The children proceed to design and build their set. At this time, the guide introduces the children to measurement (AZ.3.MD.C) and geometry principles (AZ.3.G.A.1) and teaches students how to develop a budget. Students build the set by repurposing old items from the school and from their homes. One student’s father is a carpenter and he offers to come to the school to talk to students about his career and to teach them so basic carpentry skills.
On the day of the exhibition, families witness a lively play about a lost coyote trying to find his way home. The set has been painted by the students and also contains organic materials brought in from students’ backyards. At the end of the play, two students give a short speech about what they have learned about coyotes and ask the audience to consider donating to the non-profit. After the performance, students calculate the money that they have raised (3.MD.A.1b).
This is just one imaginary example of how a quest might develop and build off of children’s interests. There are limitless possibilities for how the quest might have evolved. Early on, a child may have pointed out the similarities between coyotes and dogs and this could have led to a conversation about genetics and evolution. A child may have recounted a folktale about a coyote, which could have led to a unit on storytelling and folktales.
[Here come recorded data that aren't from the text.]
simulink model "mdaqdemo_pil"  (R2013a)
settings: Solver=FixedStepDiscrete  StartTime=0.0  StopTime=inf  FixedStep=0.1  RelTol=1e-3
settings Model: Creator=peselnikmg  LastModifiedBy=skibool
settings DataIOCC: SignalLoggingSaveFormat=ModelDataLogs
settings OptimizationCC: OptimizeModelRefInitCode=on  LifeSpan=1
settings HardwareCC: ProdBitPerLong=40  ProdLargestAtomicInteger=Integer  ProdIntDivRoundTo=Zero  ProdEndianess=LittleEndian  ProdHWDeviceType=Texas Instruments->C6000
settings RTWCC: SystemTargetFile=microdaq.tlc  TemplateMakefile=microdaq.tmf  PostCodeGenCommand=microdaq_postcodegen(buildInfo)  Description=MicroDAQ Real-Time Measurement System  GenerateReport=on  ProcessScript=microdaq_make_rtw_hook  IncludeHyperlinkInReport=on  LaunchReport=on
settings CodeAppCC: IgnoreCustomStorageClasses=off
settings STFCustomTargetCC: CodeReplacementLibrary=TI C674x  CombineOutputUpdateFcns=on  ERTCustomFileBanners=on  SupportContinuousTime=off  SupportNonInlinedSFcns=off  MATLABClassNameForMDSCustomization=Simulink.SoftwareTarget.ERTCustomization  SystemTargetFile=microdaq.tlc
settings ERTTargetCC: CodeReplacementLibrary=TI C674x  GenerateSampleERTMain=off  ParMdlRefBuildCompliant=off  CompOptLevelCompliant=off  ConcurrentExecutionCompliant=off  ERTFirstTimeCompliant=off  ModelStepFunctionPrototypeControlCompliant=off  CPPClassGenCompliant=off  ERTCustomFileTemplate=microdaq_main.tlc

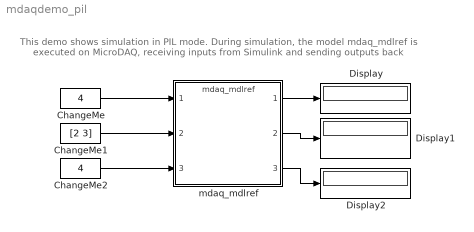
== system mdaqdemo_pil ==
  note: This demo shows simulation in PIL mode.
      | During simulation, the model mdaq_mdlref is executed on MicroDAQ,
      | receiving inputs from Simulink and sending outputs back
  ChangeMe : Constant  Value=4  OutDataTypeStr=Inherit: Inherit via back propagation
  ChangeMe1 : Constant  Value=[2 3]  OutDataTypeStr=Inherit: Inherit via back propagation
  ChangeMe2 : Constant  Value=4  OutDataTypeStr=Inherit: Inherit via back propagation
  Display : Display
  Display1 : Display
  Display2 : Display
  mdaq_mdlref : ModelReference  ModelNameDialog=mdaq_mdlref  SimulationMode=Processor-in-the-loop (PIL)  ModelReferenceVersion=1.21  CopyOfModelName=mdaq_mdlref  DefaultDataLogging=on
  wires:
  ChangeMe/1 -> mdaq_mdlref/1
  mdaq_mdlref/1 -> Display/1
  mdaq_mdlref/2 -> Display1/1
  mdaq_mdlref/3 -> Display2/1
  ChangeMe1/1 -> mdaq_mdlref/2
  ChangeMe2/1 -> mdaq_mdlref/3

With an emergent curriculum, the possibilities to weave in standards and build off of children’s learning are endless- ensuring that learning is a dynamic process that is always relevant and meaningful.
*** A personal note from the author: An emergent curriculum at home***
Some of my favorite interactions with my son have been the ones I have planned the least because these times are filled with the greatest possibilities. One afternoon, my son asked me if he could pick some flowers from a geranium plant outside of a restaurant. I explained that we should not pick a flower from someone else’s display and suggested that we try growing our own flowers. This led to several weekend trips strolling through the endless rows of plants at the local garden center… which led to lessons on seeds and plant life cycles and watering and sunshine and bugs… which led to lessons on responsibility and taking care of things that we love…
It’s now spring and our fall seedlings have sprouted and bloomed into wildflowers. Every morning, we excitedly check our beds to see what new flowers have sprouted, and we count up how many colors we have. We welcome our garden visitors: butterflies and hummingbirds and bumble bees.
As we drive home from school, we stop to see what plants the nursery is growing this time of year. We learn that some succulents replicate turning one small plant into many. When we get home my son checks to see if we have any babies growing in the yard. He can’t find any today, but we will check again tomorrow.
I often say that I began my career in education while running birthday parties at an ice cream shop in my college town. I discovered that kids are funny and creative- they are eternally optimistic- they have an endless supply of energy and enthusiasm. And so, in between games of Hot Potato and Simon Says and over mountains of sprinkles and whipped cream, I committed myself to working with children for the rest of my career.